3.6. Directions to Implementation Details and System Implementation

This section provides some possible directions to the implementation details, as the AIPAA method does not contemplate this domain. System implementation includes complex and extensive procedures and methods that can be considered in future works.

Here, an analysis of systems model and functionalities implementation possibilities is performed, defining a list of implementation details.

• Division of the functionalities implemented in hardware and the ones in software, that is, hardware and software co-design;
• Communication interfaces, methods and protocols;
• Hardware architecture comprehending:

  (a)

  Necessary resources for example, memories, processors, power; and

  (b)

  Necessary units, such as arithmetic logic unit (ALU), floating point unit (FPU), graphics processing unit (GPU), or reconfigurable hardware (FPGA).

• Software architecture comprehending:

  (a)

  Implementation programming language; and

  (b)

  Programming frameworks and tool-chains to be used.

Implementation models can be developed to assist in this analysis [32]. This step represents the base of the system implementation. Related to correct-by-construction methodologies, the definition of implementation details can only proceed when modeling, simulation, and properties checking are already verified.

This step’s required inputs are the problem characterization and a verified system model, besides the hardware, software and communication requirements. After the application of this step, the expected outputs are: system implementation architecture description; hardware platforms to be used; low-level programming language to be used; and software tool-chains to be used.

Based on the listed implementation details, and on the system model from Section 3.4, the system can be implemented using hardware description languages, for example, VHDL or Verilog, and software implementation languages, for example, C, C++ or Assembly.

3.7. Analysis of Possible Automation Approaches

This section introduces two main possibilities identified through the AIPAA method elaboration. The first one is about the properties verification, and the second about automatic code generation.

3.7.1. Proposed Automation to Properties Verification

The properties verification through test cases application is a labor intensive task. For that reason, AIPAA considers the use of a partial automated verification tool towards a faster, more scalable, robust and trustable process.

In this sense Quickcheck can be employed. It is a widely used tool to aid in the process of automatic verification of the system properties generating test cases to evaluate whether the system behaves as expected.

Quickcheck was first presented as a domain-specific language, implemented in Haskell, targeting the test of program properties. It was used as a base for other similar tools having the same purpose.

To accomplish the properties verification, Quickcheck uses predefined verifiable formal system specifications, named properties, as inputs and it automatically generates random values test cases for each one, indicating whether the model holds the desired property.

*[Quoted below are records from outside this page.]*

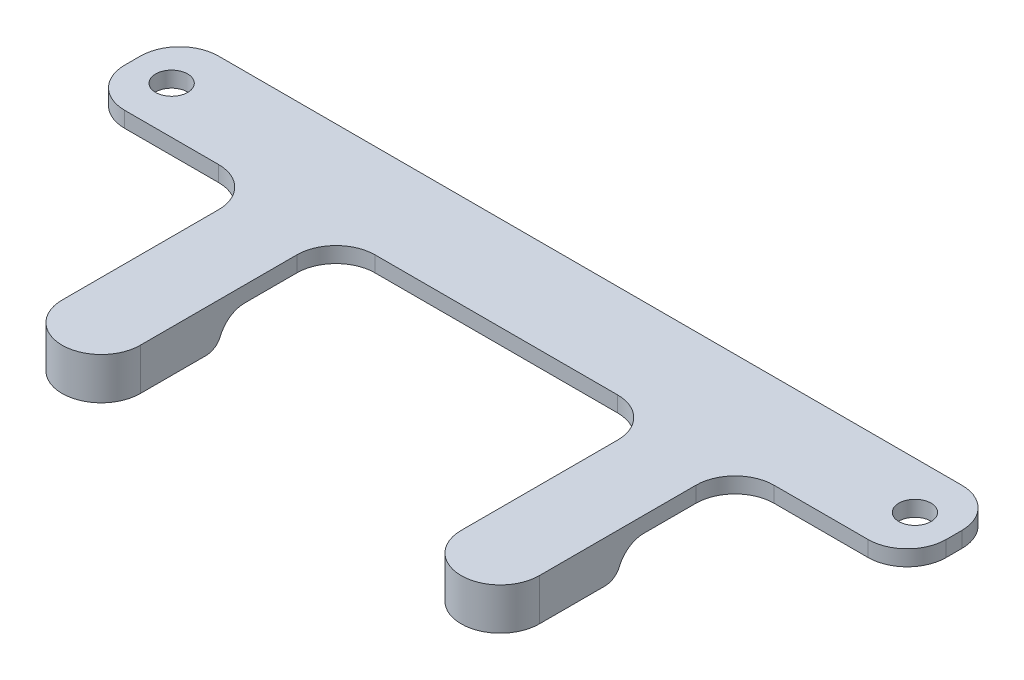
ISO-10303-21;
HEADER;
FILE_DESCRIPTION(('STEP AP214'),'2;1');
FILE_NAME('part.step','',(''),(''),'','','');
FILE_SCHEMA(('AUTOMOTIVE_DESIGN { 1 0 10303 214 1 1 1 1 }'));
ENDSEC;
DATA;
#1=APPLICATION_CONTEXT('core data for automotive mechanical design processes');
#2=APPLICATION_PROTOCOL_DEFINITION('international standard','automotive_design',2000,#1);
#3=PRODUCT_CONTEXT('',#1,'mechanical');
#4=PRODUCT('Part','Part','',(#3));
#5=PRODUCT_RELATED_PRODUCT_CATEGORY('part','',(#4));
#6=PRODUCT_DEFINITION_FORMATION('','',#4);
#7=PRODUCT_DEFINITION_CONTEXT('part definition',#1,'design');
#8=PRODUCT_DEFINITION('design','',#6,#7);
#9=PRODUCT_DEFINITION_SHAPE('','',#8);
#10=(LENGTH_UNIT() NAMED_UNIT(*) SI_UNIT(.MILLI.,.METRE.));
#11=(NAMED_UNIT(*) PLANE_ANGLE_UNIT() SI_UNIT($,.RADIAN.));
#12=(NAMED_UNIT(*) SI_UNIT($,.STERADIAN.) SOLID_ANGLE_UNIT());
#13=UNCERTAINTY_MEASURE_WITH_UNIT(LENGTH_MEASURE(1.E-05),#10,'distance_accuracy_value','');
#14=(GEOMETRIC_REPRESENTATION_CONTEXT(3) GLOBAL_UNCERTAINTY_ASSIGNED_CONTEXT((#13)) GLOBAL_UNIT_ASSIGNED_CONTEXT((#10,
#11,#12)) REPRESENTATION_CONTEXT('',''));
#15=CARTESIAN_POINT('',(0.,0.,0.));
#16=DIRECTION('',(0.,0.,1.));
#17=DIRECTION('',(1.,0.,0.));
#18=AXIS2_PLACEMENT_3D('',#15,#16,#17);
#19=CARTESIAN_POINT('',(0.,0.,0.));
#20=DIRECTION('',(0.,1.,0.));
#21=DIRECTION('',(0.,0.,1.));
#22=AXIS2_PLACEMENT_3D('',#19,#20,#21);
#23=PLANE('',#22);
#24=CARTESIAN_POINT('',(47.5,0.,0.));
#25=DIRECTION('',(0.,1.,0.));
#26=DIRECTION('',(0.,0.,-1.));
#27=AXIS2_PLACEMENT_3D('',#24,#25,#26);
#28=CIRCLE('',#27,2.05);
#29=CARTESIAN_POINT('',(47.5,0.,-2.05));
#30=VERTEX_POINT('',#29);
#31=EDGE_CURVE('E259',#30,#30,#28,.T.);
#32=ORIENTED_EDGE('',*,*,#31,.T.);
#33=EDGE_LOOP('',(#32));
#34=FACE_BOUND('',#33,.T.);
#35=CARTESIAN_POINT('',(-47.5,0.,0.));
#36=DIRECTION('',(0.,1.,0.));
#37=DIRECTION('',(0.,0.,1.));
#38=AXIS2_PLACEMENT_3D('',#35,#36,#37);
#39=CIRCLE('',#38,2.05);
#40=CARTESIAN_POINT('',(-47.5,0.,2.05));
#41=VERTEX_POINT('',#40);
#42=EDGE_CURVE('E260',#41,#41,#39,.T.);
#43=ORIENTED_EDGE('',*,*,#42,.T.);
#44=EDGE_LOOP('',(#43));
#45=FACE_BOUND('',#44,.T.);
#46=DIRECTION('',(0.,0.,-1.));
#47=VECTOR('',#46,1.);
#48=CARTESIAN_POINT('',(30.5,0.,6.));
#49=LINE('',#48,#47);
#50=CARTESIAN_POINT('',(30.5,0.,17.6400148809853));
#51=VERTEX_POINT('',#50);
#52=CARTESIAN_POINT('',(30.5,0.,11.));
#53=VERTEX_POINT('',#52);
#54=EDGE_CURVE('E335',#51,#53,#49,.T.);
#55=ORIENTED_EDGE('',*,*,#54,.F.);
#56=DIRECTION('',(-1.,0.,0.));
#57=VECTOR('',#56,1.);
#58=CARTESIAN_POINT('',(0.,0.,17.6400148809853));
#59=LINE('',#58,#57);
#60=CARTESIAN_POINT('',(20.5,0.,17.6400148809853));
#61=VERTEX_POINT('',#60);
#62=EDGE_CURVE('E492',#51,#61,#59,.T.);
#63=ORIENTED_EDGE('',*,*,#62,.T.);
#64=DIRECTION('',(0.,0.,1.));
#65=VECTOR('',#64,1.);
#66=CARTESIAN_POINT('',(20.5,0.,6.));
#67=LINE('',#66,#65);
#68=CARTESIAN_POINT('',(20.5,0.,11.));
#69=VERTEX_POINT('',#68);
#70=EDGE_CURVE('E331',#69,#61,#67,.T.);
#71=ORIENTED_EDGE('',*,*,#70,.F.);
#72=CARTESIAN_POINT('',(15.5,0.,11.));
#73=DIRECTION('',(0.,1.,0.));
#74=DIRECTION('',(0.,0.,1.));
#75=AXIS2_PLACEMENT_3D('',#72,#73,#74);
#76=CIRCLE('',#75,5.);
#77=CARTESIAN_POINT('',(15.5,0.,6.));
#78=VERTEX_POINT('',#77);
#79=EDGE_CURVE('E442',#69,#78,#76,.T.);
#80=ORIENTED_EDGE('',*,*,#79,.T.);
#81=DIRECTION('',(1.,0.,0.));
#82=VECTOR('',#81,1.);
#83=CARTESIAN_POINT('',(-20.5,0.,6.));
#84=LINE('',#83,#82);
#85=CARTESIAN_POINT('',(-15.5,0.,6.));
#86=VERTEX_POINT('',#85);
#87=EDGE_CURVE('E327',#86,#78,#84,.T.);
#88=ORIENTED_EDGE('',*,*,#87,.F.);
#89=CARTESIAN_POINT('',(-15.5,0.,11.));
#90=DIRECTION('',(0.,1.,0.));
#91=DIRECTION('',(0.,0.,1.));
#92=AXIS2_PLACEMENT_3D('',#89,#90,#91);
#93=CIRCLE('',#92,5.);
#94=CARTESIAN_POINT('',(-20.5,0.,11.));
#95=VERTEX_POINT('',#94);
#96=EDGE_CURVE('E455',#86,#95,#93,.T.);
#97=ORIENTED_EDGE('',*,*,#96,.T.);
#98=DIRECTION('',(0.,0.,-1.));
#99=VECTOR('',#98,1.);
#100=CARTESIAN_POINT('',(-20.5,0.,6.));
#101=LINE('',#100,#99);
#102=CARTESIAN_POINT('',(-20.5,0.,17.6400148809853));
#103=VERTEX_POINT('',#102);
#104=EDGE_CURVE('E324',#103,#95,#101,.T.);
#105=ORIENTED_EDGE('',*,*,#104,.F.);
#106=DIRECTION('',(1.,0.,0.));
#107=VECTOR('',#106,1.);
#108=CARTESIAN_POINT('',(0.,0.,17.6400148809853));
#109=LINE('',#108,#107);
#110=CARTESIAN_POINT('',(-30.5,0.,17.6400148809853));
#111=VERTEX_POINT('',#110);
#112=EDGE_CURVE('E468',#103,#111,#109,.F.);
#113=ORIENTED_EDGE('',*,*,#112,.T.);
#114=DIRECTION('',(0.,0.,1.));
#115=VECTOR('',#114,1.);
#116=CARTESIAN_POINT('',(-30.5,0.,6.));
#117=LINE('',#116,#115);
#118=CARTESIAN_POINT('',(-30.5,0.,11.));
#119=VERTEX_POINT('',#118);
#120=EDGE_CURVE('E320',#119,#111,#117,.T.);
#121=ORIENTED_EDGE('',*,*,#120,.F.);
#122=CARTESIAN_POINT('',(-35.5,0.,11.));
#123=DIRECTION('',(0.,1.,0.));
#124=DIRECTION('',(0.,0.,1.));
#125=AXIS2_PLACEMENT_3D('',#122,#123,#124);
#126=CIRCLE('',#125,5.);
#127=CARTESIAN_POINT('',(-35.5,0.,6.));
#128=VERTEX_POINT('',#127);
#129=EDGE_CURVE('E462',#119,#128,#126,.T.);
#130=ORIENTED_EDGE('',*,*,#129,.T.);
#131=DIRECTION('',(1.,0.,0.));
#132=VECTOR('',#131,1.);
#133=CARTESIAN_POINT('',(-52.5,0.,6.));
#134=LINE('',#133,#132);
#135=CARTESIAN_POINT('',(-47.5,0.,6.));
#136=VERTEX_POINT('',#135);
#137=EDGE_CURVE('E316',#136,#128,#134,.T.);
#138=ORIENTED_EDGE('',*,*,#137,.F.);
#139=CARTESIAN_POINT('',(-47.5,0.,1.));
#140=DIRECTION('',(0.,1.,0.));
#141=DIRECTION('',(0.,0.,1.));
#142=AXIS2_PLACEMENT_3D('',#139,#140,#141);
#143=CIRCLE('',#142,5.);
#144=CARTESIAN_POINT('',(-52.5,0.,1.));
#145=VERTEX_POINT('',#144);
#146=EDGE_CURVE('E355',#136,#145,#143,.F.);
#147=ORIENTED_EDGE('',*,*,#146,.T.);
#148=DIRECTION('',(0.,0.,1.));
#149=VECTOR('',#148,1.);
#150=CARTESIAN_POINT('',(-52.5,0.,-6.));
#151=LINE('',#150,#149);
#152=CARTESIAN_POINT('',(-52.5,0.,-1.));
#153=VERTEX_POINT('',#152);
#154=EDGE_CURVE('E264',#153,#145,#151,.T.);
#155=ORIENTED_EDGE('',*,*,#154,.F.);
#156=CARTESIAN_POINT('',(-47.5,0.,-1.));
#157=DIRECTION('',(0.,1.,0.));
#158=DIRECTION('',(0.,0.,1.));
#159=AXIS2_PLACEMENT_3D('',#156,#157,#158);
#160=CIRCLE('',#159,5.);
#161=CARTESIAN_POINT('',(-47.5,0.,-6.));
#162=VERTEX_POINT('',#161);
#163=EDGE_CURVE('E358',#153,#162,#160,.F.);
#164=ORIENTED_EDGE('',*,*,#163,.T.);
#165=DIRECTION('',(-1.,0.,0.));
#166=VECTOR('',#165,1.);
#167=CARTESIAN_POINT('',(-52.5,0.,-6.));
#168=LINE('',#167,#166);
#169=CARTESIAN_POINT('',(47.5,0.,-6.));
#170=VERTEX_POINT('',#169);
#171=EDGE_CURVE('E281',#170,#162,#168,.T.);
#172=ORIENTED_EDGE('',*,*,#171,.F.);
#173=CARTESIAN_POINT('',(47.5,0.,-1.));
#174=DIRECTION('',(0.,1.,0.));
#175=DIRECTION('',(0.,0.,1.));
#176=AXIS2_PLACEMENT_3D('',#173,#174,#175);
#177=CIRCLE('',#176,5.);
#178=CARTESIAN_POINT('',(52.5,0.,-1.));
#179=VERTEX_POINT('',#178);
#180=EDGE_CURVE('E364',#170,#179,#177,.F.);
#181=ORIENTED_EDGE('',*,*,#180,.T.);
#182=DIRECTION('',(0.,0.,-1.));
#183=VECTOR('',#182,1.);
#184=CARTESIAN_POINT('',(52.5,0.,-6.));
#185=LINE('',#184,#183);
#186=CARTESIAN_POINT('',(52.5,0.,1.));
#187=VERTEX_POINT('',#186);
#188=EDGE_CURVE('E342',#187,#179,#185,.T.);
#189=ORIENTED_EDGE('',*,*,#188,.F.);
#190=CARTESIAN_POINT('',(47.5,0.,1.));
#191=DIRECTION('',(0.,1.,0.));
#192=DIRECTION('',(0.,0.,1.));
#193=AXIS2_PLACEMENT_3D('',#190,#191,#192);
#194=CIRCLE('',#193,5.);
#195=CARTESIAN_POINT('',(47.5,0.,6.));
#196=VERTEX_POINT('',#195);
#197=EDGE_CURVE('E361',#187,#196,#194,.F.);
#198=ORIENTED_EDGE('',*,*,#197,.T.);
#199=DIRECTION('',(1.,0.,0.));
#200=VECTOR('',#199,1.);
#201=CARTESIAN_POINT('',(30.5,0.,6.));
#202=LINE('',#201,#200);
#203=CARTESIAN_POINT('',(35.5,0.,6.));
#204=VERTEX_POINT('',#203);
#205=EDGE_CURVE('E338',#204,#196,#202,.T.);
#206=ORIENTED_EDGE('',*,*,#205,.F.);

Considering the MoC properties verification methods (Section 3.5), we present the use of Quickcheck to verify the previously defined property $P_{SD{F}_4}$, which is based on the application of test cases. This example assumes the verification of a model containing 2 input signals and 1 output signal. The verification is based on two requirements:

R_eq1

The output signal length divided by its corresponding token rate must be equal to the number of model firing cycles, which is calculated by selecting the smaller division result among the input signal length and its token rates; and

R_eq2

The output signal length should be multiple of its corresponding token rate.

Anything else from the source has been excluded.